Bluetooth Core Specification
CVE-2022-25837
HIGH
Severity by source
AV:A/AC:H/PR:N/UI:R/S:C/C:H/I:H/A:N
Primary rating from NVD · only source for this CVE.
CVSS VectorNVD
CVSS:3.1/AV:A/AC:H/PR:N/UI:R/S:C/C:H/I:H/A:N
Lifecycle Timeline
1DescriptionNVD
Bluetooth® Pairing in Bluetooth Core Specification v1.0B through v5.3 may permit an unauthenticated MITM to acquire credentials with two pairing devices via adjacent access when at least one device supports BR/EDR Secure Connections pairing and the other BR/EDR Legacy PIN code pairing if the MITM negotiates BR/EDR Secure Simple Pairing in Secure Connections mode using the Passkey association model with the pairing Initiator and BR/EDR Legacy PIN code pairing with the pairing Responder and brute forces the Passkey entered by the user into the Responder as a 6-digit PIN code.
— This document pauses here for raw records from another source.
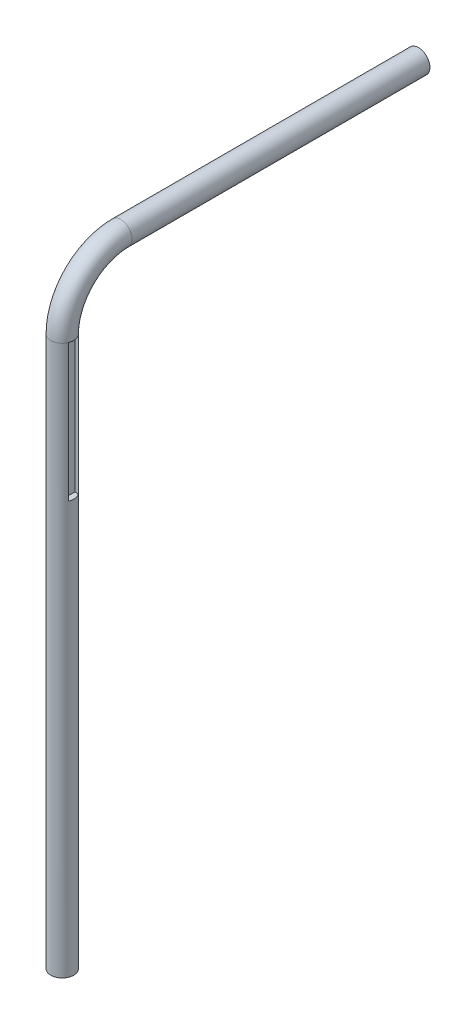
from build123d import *

# Parameters (mm, degrees)
SKETCH3_R           = 12.7
SKETCH3_R_2         = 4.7625
SKETCH4_R           = 12.7
SKETCH4_R_2         = 4.7625
BOSS_EXTRUDE3_DEPTH = 609.6
SKETCH5_R           = 12.7
SKETCH5_R_2         = 4.7625
BOSS_EXTRUDE4_DEPTH = 330.2
SKETCH7_W           = 12.7
SKETCH7_H           = 152.4
CUT_EXTRUDE2_DEPTH  = 6.35


with BuildPart() as part:
    # Sweep1: sweep along a path in Sketch2
    with BuildLine(Plane(origin=(0, 0, 0), x_dir=(0, 0, -1), z_dir=(1, 0, 0))) as sweep1_path:
        ThreePointArc((-64.833774642, 0), (-45.844401699, 45.844401699), (0, 64.833774642))
    # Sketch3 → Sweep1 (sweep)
    with BuildSketch(Plane(origin=(0, 0, 0), x_dir=(1, 0, 0), z_dir=(0, 1, 0))):
        with Locations((0, -64.833774642)):
            Circle(SKETCH3_R)
        with Locations((0, -64.833774642)):
            Circle(SKETCH3_R_2, mode=Mode.SUBTRACT)
    sweep(path=sweep1_path.line)

    # Sketch4 → Boss-Extrude3 (add)
    with BuildSketch(Plane(origin=(0, 0, 0), x_dir=(-1, 0, 0), z_dir=(0, -1, 0))):
        with Locations((0, -64.833774642)):
            Circle(SKETCH4_R)
        with Locations((0, -64.833774642)):
            Circle(SKETCH4_R_2, mode=Mode.SUBTRACT)
    extrude(amount=BOSS_EXTRUDE3_DEPTH)

    # Sketch5 → Boss-Extrude4 (add)
    with BuildSketch(Plane(origin=(0, 0, 0), x_dir=(-1, 0, 0), z_dir=(0, 0, -1))):
        with Locations((0, 64.833774642)):
            Circle(SKETCH5_R)
        with Locations((0, 64.833774642)):
            Circle(SKETCH5_R_2, mode=Mode.SUBTRACT)
    extrude(amount=BOSS_EXTRUDE4_DEPTH)

    # Sketch7 → Cut-Extrude2 (cut)
    with BuildSketch(Plane(origin=(12.7, 0, 0), x_dir=(0, 0, -1), z_dir=(1, 0, 0))):
        with Locations((-63.5, -76.2)):
            Rectangle(SKETCH7_W, SKETCH7_H)
    extrude(amount=-CUT_EXTRUDE2_DEPTH, mode=Mode.SUBTRACT)


solid = part.part

The MITM attacker can use the identified PIN code value as the Passkey value to complete authentication with the Initiator via Bluetooth pairing method confusion.
AnalysisAI
Bluetooth® Pairing in Bluetooth Core Specification v1.0B through v5.3 may permit an unauthenticated MITM to acquire credentials with two pairing devices via adjacent access when at least one device. Rated high severity (CVSS 7.5), this vulnerability is no authentication required. No vendor patch available.
Technical ContextAI
This vulnerability is classified under CWE-294. Bluetooth® Pairing in Bluetooth Core Specification v1.0B through v5.3 may permit an unauthenticated MITM to acquire credentials with two pairing devices via adjacent access when at least one device supports BR/EDR Secure Connections pairing and the other BR/EDR Legacy PIN code pairing if the MITM negotiates BR/EDR Secure Simple Pairing in Secure Connections mode using the Passkey association model with the pairing Initiator and BR/EDR Legacy PIN code pairing with the pairing Responder and brute forces the Passkey entered by the user into the Responder as a 6-digit PIN code. The MITM attacker can use the identified PIN code value as the Passkey value to complete authentication with the Initiator via Bluetooth pairing method confusion. Affected products include: Bluetooth Bluetooth Core Specification.
RemediationAI
No vendor patch is available at time of analysis. Monitor vendor advisories for updates. Apply vendor patches when available. Implement network segmentation and monitoring as interim mitigations.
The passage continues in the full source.